───── Records for processing ─────
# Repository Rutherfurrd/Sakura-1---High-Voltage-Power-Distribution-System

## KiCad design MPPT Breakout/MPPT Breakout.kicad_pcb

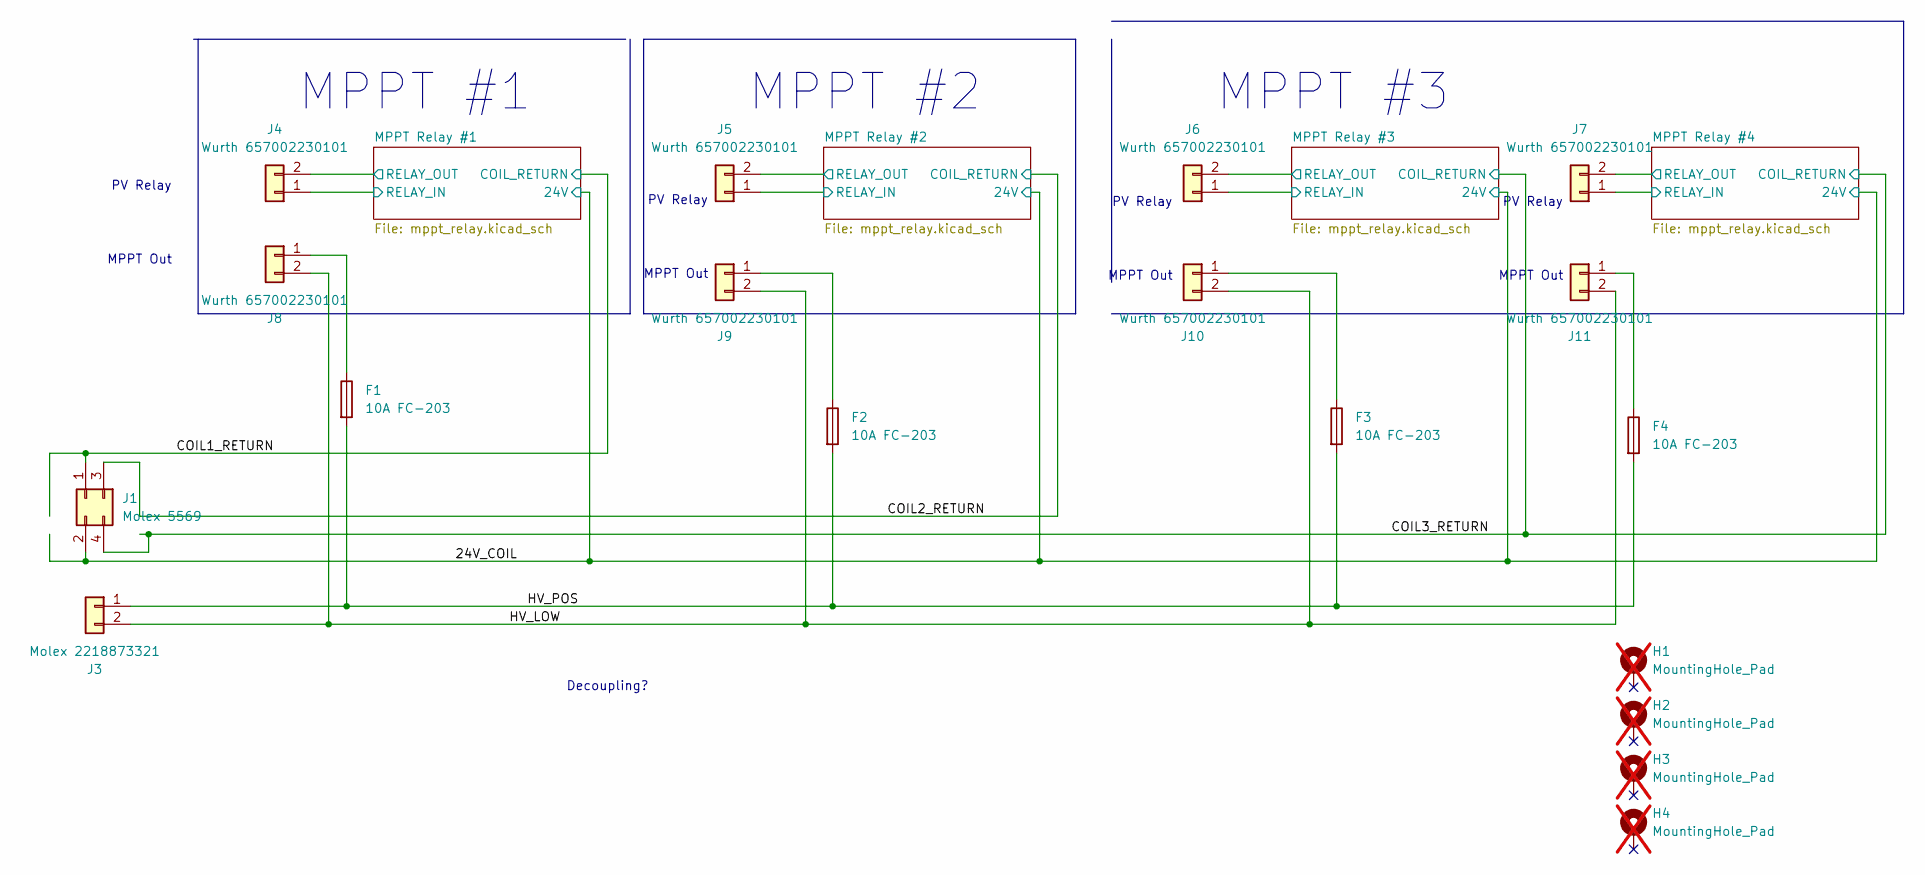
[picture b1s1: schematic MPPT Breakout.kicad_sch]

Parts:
F1, F2, F3, F4: 10A FC-203; Fuseholder_Clip-5x20mm_Bel_FC-203-22_Lateral_P17.80x5.00mm_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; Digikey SID 5923-FC-203BRIGHTTIN-ND
H1, H2, H3, H4: MountingHole_Pad; MountingHole_3.2mm_M3_DIN965_Pad_TopBottom; not fitted
J1: Molex 5569; Molex_Mini-Fit_Jr_5569-04A2_2x02_P4.20mm_Horizontal; Digikey SID WM23323-ND
J3: Molex 2218873321; CONN_2218873321_KEYOPT1_02P_MOL; Digikey SID 900-2218873321-ND
J4, J5, J6, J7, J8, J9, J10, J11: Wurth 657002230101; 657002230101; Digikey SID 732-657002230101-ND

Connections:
/24V_COIL: J1.2 (Pin_3); also elsewhere on the board
/COIL1_RETURN: J1.1 (Pin_2); also elsewhere on the board
/COIL2_RETURN: J1.3 (Pin_1); also elsewhere on the board
/COIL3_RETURN: J1.4; also elsewhere on the board
/HV_LOW: J3.2, J8.2, J9.2, J10.2, J11.2
/HV_POS: F1.2, F2.2, F3.2, F4.2, J3.1
/MPPT Relay #1/RELAY_IN: J4.1; also elsewhere on the board
/MPPT Relay #1/RELAY_OUT: J4.2; also elsewhere on the board
/MPPT Relay #2/RELAY_IN: J5.1; also elsewhere on the board
/MPPT Relay #2/RELAY_OUT: J5.2; also elsewhere on the board
/MPPT Relay #3/RELAY_IN: J6.1; also elsewhere on the board
/MPPT Relay #3/RELAY_OUT: J6.2; also elsewhere on the board
/MPPT Relay #4/RELAY_IN: J7.1; also elsewhere on the board
/MPPT Relay #4/RELAY_OUT: J7.2; also elsewhere on the board
unnamed: F1.1, J8.1
unnamed: F2.1, J9.1
unnamed: F3.1, J10.1
unnamed: F4.1, J11.1

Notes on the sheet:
MPPT Out
Decoupling?
MPPT #3
PV Relay
MPPT #1
MPPT #2

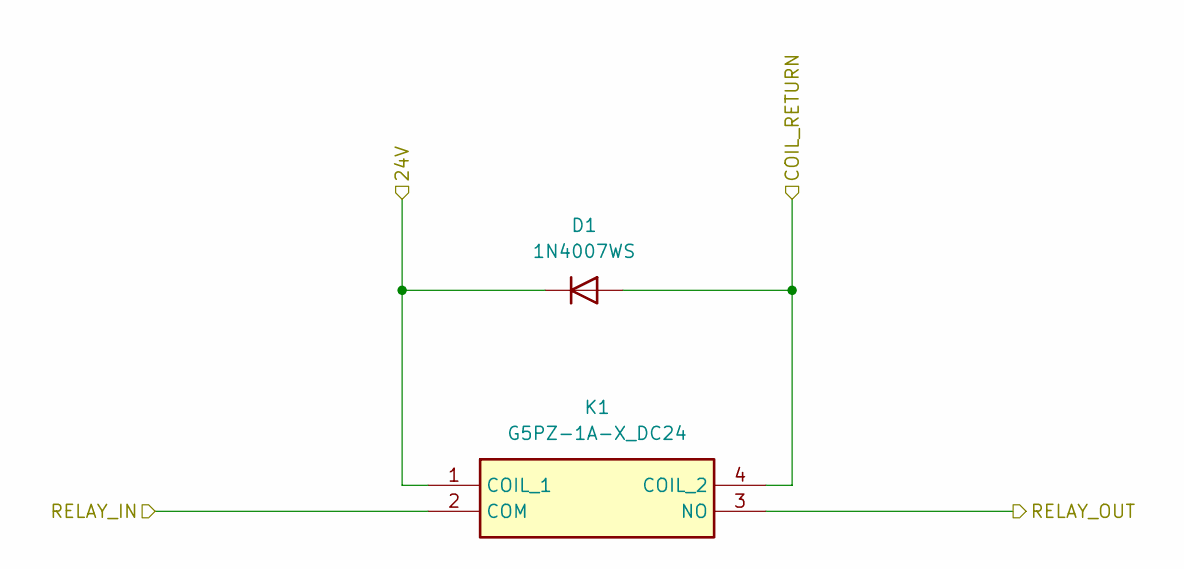
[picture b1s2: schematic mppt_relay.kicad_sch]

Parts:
D1: 1N4007WS; D_SOD-323_HandSoldering; Digikey SID 5399-1N4007WSCT-ND
K1: G5PZ-1A-X_DC24; G5PZ1AXDC24; Mouser Part Number 653-G5PZ-1A-XDC24

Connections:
/24V_COIL: D1.1 (K), K1.1 (COIL_1); also elsewhere on the board
/COIL1_RETURN: D1.2 (A), K1.4 (COIL_2); also elsewhere on the board
/MPPT Relay #1/RELAY_IN: K1.2 (COM); also elsewhere on the board
/MPPT Relay #1/RELAY_OUT: K1.3 (NO); also elsewhere on the board

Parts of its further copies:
D2, D3, D4: 1N4007WS; D_SOD-323_HandSoldering; Digikey SID 5399-1N4007WSCT-ND
K2, K3, K4: G5PZ-1A-X_DC24; G5PZ1AXDC24; Mouser Part Number 653-G5PZ-1A-XDC24

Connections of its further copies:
/24V_COIL: D2.1 (K), D3.1 (K), D4.1 (K), K2.1 (COIL_1), K3.1 (COIL_1), K4.1 (COIL_1); also elsewhere on the board
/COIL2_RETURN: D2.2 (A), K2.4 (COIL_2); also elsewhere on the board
─────
Task: Beginning at the line that contains "Notes on the", copy each remaining line of the records exactly, through the final one. Omit the pictures.

Reply to the exercise:
Notes on the sheet:
MPPT Out
Decoupling?
MPPT #3
PV Relay
MPPT #1
MPPT #2

[picture b1s2: schematic mppt_relay.kicad_sch]

Parts:
D1: 1N4007WS; D_SOD-323_HandSoldering; Digikey SID 5399-1N4007WSCT-ND
K1: G5PZ-1A-X_DC24; G5PZ1AXDC24; Mouser Part Number 653-G5PZ-1A-XDC24

Connections:
/24V_COIL: D1.1 (K), K1.1 (COIL_1); also elsewhere on the board
/COIL1_RETURN: D1.2 (A), K1.4 (COIL_2); also elsewhere on the board
/MPPT Relay #1/RELAY_IN: K1.2 (COM); also elsewhere on the board
/MPPT Relay #1/RELAY_OUT: K1.3 (NO); also elsewhere on the board

Parts of its further copies:
D2, D3, D4: 1N4007WS; D_SOD-323_HandSoldering; Digikey SID 5399-1N4007WSCT-ND
K2, K3, K4: G5PZ-1A-X_DC24; G5PZ1AXDC24; Mouser Part Number 653-G5PZ-1A-XDC24

Connections of its further copies:
/24V_COIL: D2.1 (K), D3.1 (K), D4.1 (K), K2.1 (COIL_1), K3.1 (COIL_1), K4.1 (COIL_1); also elsewhere on the board
/COIL2_RETURN: D2.2 (A), K2.4 (COIL_2); also elsewhere on the board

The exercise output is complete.